Soviets crack down on dissent in Latvia

Soviet Latvia is experiencing the worst wave of political repression in recent memory, according to exile Latvian sources. Two Latvians were sentenced on political charges in August, and autumn may see the trial of four more religious and political activists. This is the largest known number of trials since eight persons, most of them intellectuals, were sentenced to long prison terms for alleged nationalist conspiracies in the early 1960s.

Gederts Melngailis, a former Lutheran seminary student, was sentenced to three years in a prison camp, Latvian exile sources reported Tuesday. The charges against him apparently stemmed from attempts to renounce Soviet citizenship, his refusal to serve in the Soviet Army, and contacts with Westerners in Moscow and Latvians in the West.

Before he serves his prison terms, Melngailis will undergo psychiatric treatment. Saying it would bring a milder sentence, his defense lawyer persuaded his mother to sign a statement that her son was mentally ill. ''All experience with other dissidents shows that this is the worst that could possibly happen,'' commented Julijs Kadelis, head of the Information Bureau of the World Federation of Free Latvians in Munster, West Germany. Kadelis, who runs a clearinghouse for information on dissent in Latvia, said police and KGB officials had earlier threatened to ''change'' Melngailis's way of thinking with drug treatment at a mental hospital.

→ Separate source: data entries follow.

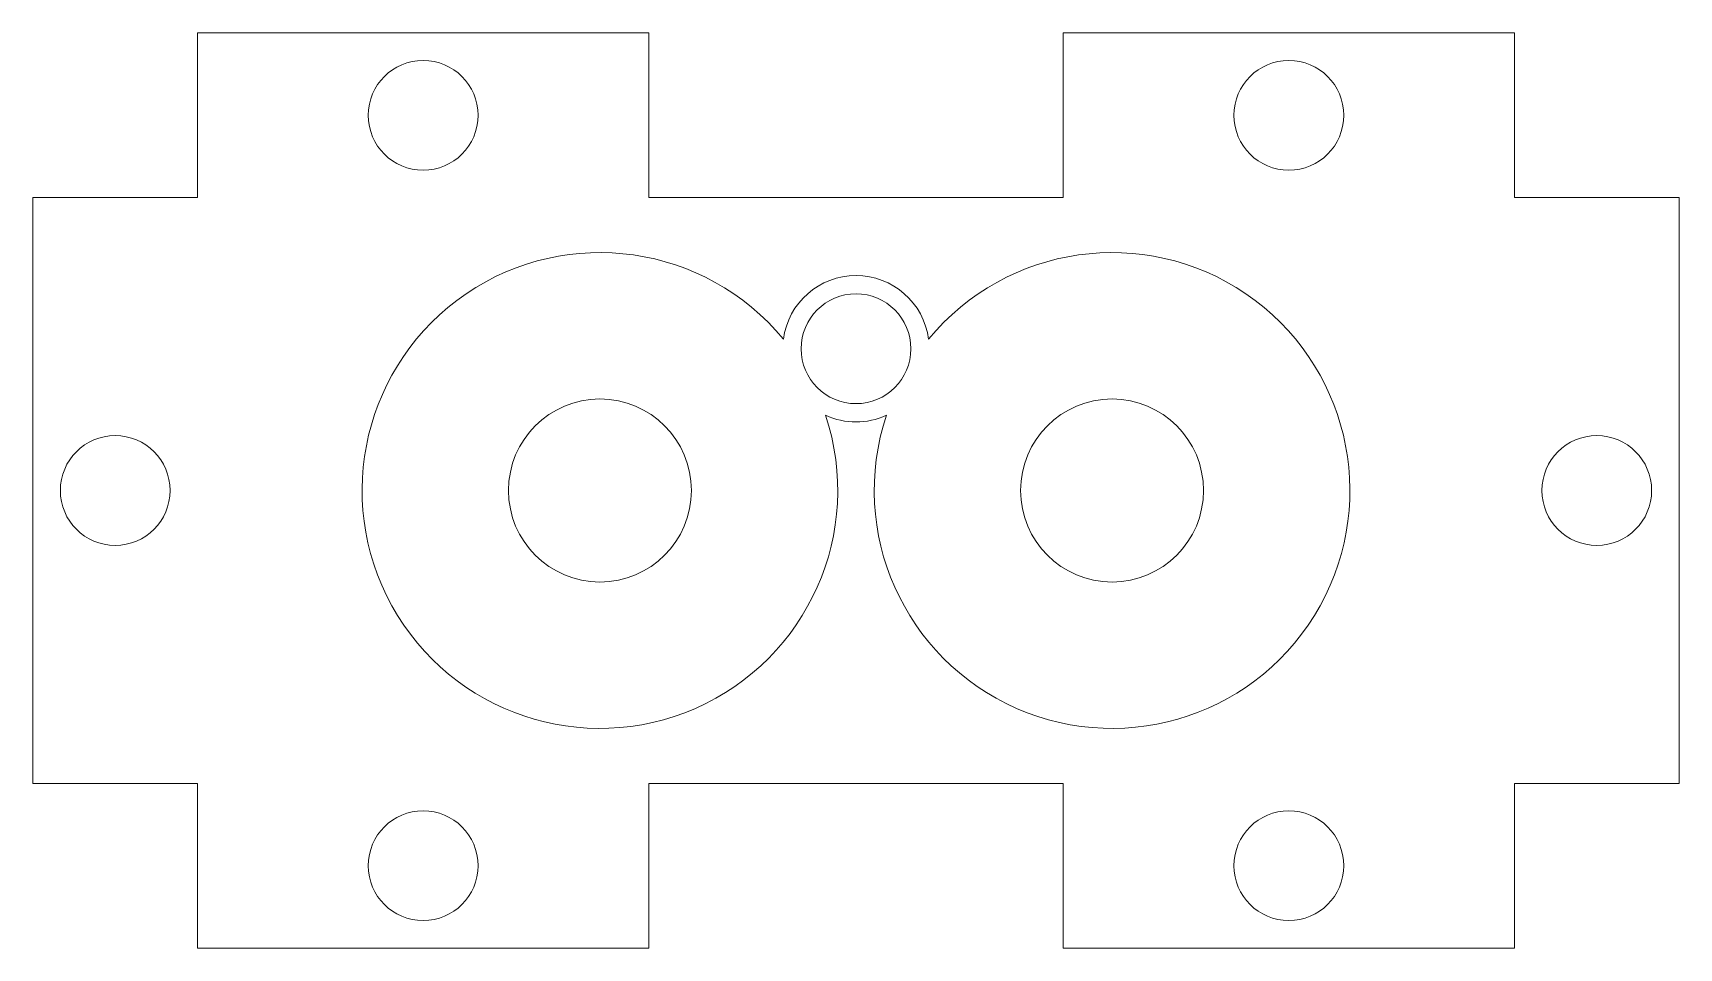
# Model space of a CAD drawing. Header units: millimetres. Extents: x -22.5 to 22.5, y -16.4 to 8.6.
import ezdxf

# ---------------------------------------------------------------- set-up
doc = ezdxf.new("R2010")
doc.units = ezdxf.units.MM
doc.layers.add('Bearing Housing', color=7, linetype='CONTINUOUS', lineweight=0, true_color=0x000000)
doc.layers.add('Bearing Retainer', color=7, linetype='CONTINUOUS', lineweight=0, true_color=0x000000)

msp = doc.modelspace()

# ---------------------------------------------------------------- linework, layer by layer
at = {"layer": 'Bearing Housing'}
for p, q in [((-18, 4.127), (-18, 8.627)), ((-18, 8.627), (-5.667, 8.627)), ((-5.667, 8.627), (-5.667, 4.127)), ((5.667, 4.127), (5.667, 8.627)), ((5.667, 8.627), (18, 8.627)), ((18, 8.627), (18, 4.127)), ((-22.5, 4.127), (-18, 4.127)), ((-22.5, -11.873), (-22.5, 4.127)), ((-5.667, 4.127), (5.667, 4.127)), ((18, 4.127), (22.5, 4.127)), ((22.5, 4.127), (22.5, -11.873)), ((-18, -11.873), (-22.5, -11.873)), ((-18, -16.373), (-18, -11.873)), ((-5.667, -11.873), (-5.667, -16.373)), ((5.667, -11.873), (-5.667, -11.873)), ((5.667, -11.873), (5.667, -16.373)), ((22.5, -11.873), (18, -11.873)), ((18, -11.873), (18, -16.373)), ((-5.667, -16.373), (-18, -16.373)), ((18, -16.373), (5.667, -16.373))]:
    msp.add_line(p, q, dxfattribs=at)
for centre in [(-11.833, 6.377), (11.833, 6.377), (-20.25, -3.873), (20.25, -3.873), (-11.833, -14.123), (11.833, -14.123)]:
    msp.add_circle(centre, 1.5, dxfattribs=at)
for centre, radius, start, end in [((-7, -3.873), 6.5, 39.4807, 18.4293), ((7, -3.873), 6.5, 161.5707, 140.5193), ((0, 0), 2, 7.4649, 172.5351), ((0, 0), 2, 245.3749, 294.6251)]:
    msp.add_arc(centre, radius, start, end, dxfattribs=at)
at = {"layer": 'Bearing Retainer'}
for p, q in [((-18, 8.627), (-5.667, 8.627)), ((-18, 4.127), (-18, 8.627)), ((-5.667, 8.627), (-5.667, 4.127)), ((5.667, 4.127), (5.667, 8.627)), ((5.667, 8.627), (18, 8.627)), ((18, 8.627), (18, 4.127)), ((-22.5, -11.873), (-22.5, 4.127)), ((-22.5, 4.127), (-18, 4.127)), ((-5.667, 4.127), (5.667, 4.127)), ((18, 4.127), (22.5, 4.127)), ((22.5, 4.127), (22.5, -11.873)), ((-18, -11.873), (-22.5, -11.873)), ((-18, -16.373), (-18, -11.873)), ((-5.667, -11.873), (-5.667, -16.373)), ((5.667, -11.873), (-5.667, -11.873)), ((5.667, -11.873), (5.667, -16.373)), ((22.5, -11.873), (18, -11.873)), ((18, -11.873), (18, -16.373)), ((-5.667, -16.373), (-18, -16.373)), ((18, -16.373), (5.667, -16.373))]:
    msp.add_line(p, q, dxfattribs=at)
for centre, radius in [((-11.833, 6.377), 1.5), ((11.833, 6.377), 1.5), ((0, 0), 1.5), ((-7, -3.873), 2.5), ((7, -3.873), 2.5), ((-20.25, -3.873), 1.5), ((20.25, -3.873), 1.5), ((-11.833, -14.123), 1.5), ((11.833, -14.123), 1.5)]:
    msp.add_circle(centre, radius, dxfattribs=at)

doc.saveas('drawing.dxf')

Exile sources in Stockholm said a Sept. 15 trial date has been set for Ints Calitis, who signed appeals for a nuclear free zone in the Baltic states and supported a protest by Balts on the 40th anniversary of the Molotov-Ribbentrop pact of 1939. Secret provisions of the treaty between Stalin's Russia and Hitler's Germany assigned the Baltic states to the Soviet sphere of influence.

A Soviet Latvian court recently sentenced Lidija Lasmamis-Doronina to five years in prison and three years exile, her third stint in a Soviet prison since 1948. She is a Baptist accused of possessing writings from the unofficial Soviet peace movement.

Soviet authorities have also indicated to relatives that they will try Janis Rozkalns, a Baptist, sometime in late September. He was arrested in April and charged with anti-Soviet activity for having quantities of religious literature and copies of the UN Universal Declaration of Human Rights in his home. He may be tried with Janis Rozkalns, and Janis Veveris, a former champion rower arrested in early January.

When the trials of Rozkalns, Calitis, and Ververis end, Kadelis in Munster says it will probably be Gunars Freimanis's turn. The electrician was arrested in late March, apparently for reading and circulating his uncensored poems to friends. He was imprisoned from 1964 to 1969 on similar charges, although a few of his poems on environmental issues appeared in the official Soviet-Latvian literary magazine Karogs in the early 1960s.

The trials are seen as part of an ideological crackdown under Yuri Andropov aimed at the most Western-oriented republics in the Soviet Union. ''When the head of the KGB becomes the head of the USSR, it is clear that he wants to put the house in order,'' said Atis Lejins, a Latvian-born American citizen who edits a journal for the exiled Latvian Social Democratic Party in Stockholm. He also links the crackdown to the campaign for economic and workplace discipline.

Kadelis thinks the crackdown may reflect a need by officials in Latvia to show their power and loyalty to the new men in the Kremlin. ''What has happened is the whole KGB apparatus has awakened and is doing things to gain attention and favor now that the former KGB chief has become the top man in the Soviet Union,'' he says.

Lejins suggests the repression may backfire by putting the Soviet Union in an embarrassing position concerning its promises to respect human rights at the Madrid conference to review the 1975 Helsinki Accords.

From its outset in January, the Latvian crackdown has been an international incident. When Doronina was arrested in January, KGB agents also seized a Latvian-born woman and her teen-age daughter, both Swedish citizens in Latvia as tourists. The incident was widely publicized in Sweden and is often mentioned in reports of the current trials. Both women were expelled from the Soviet Union.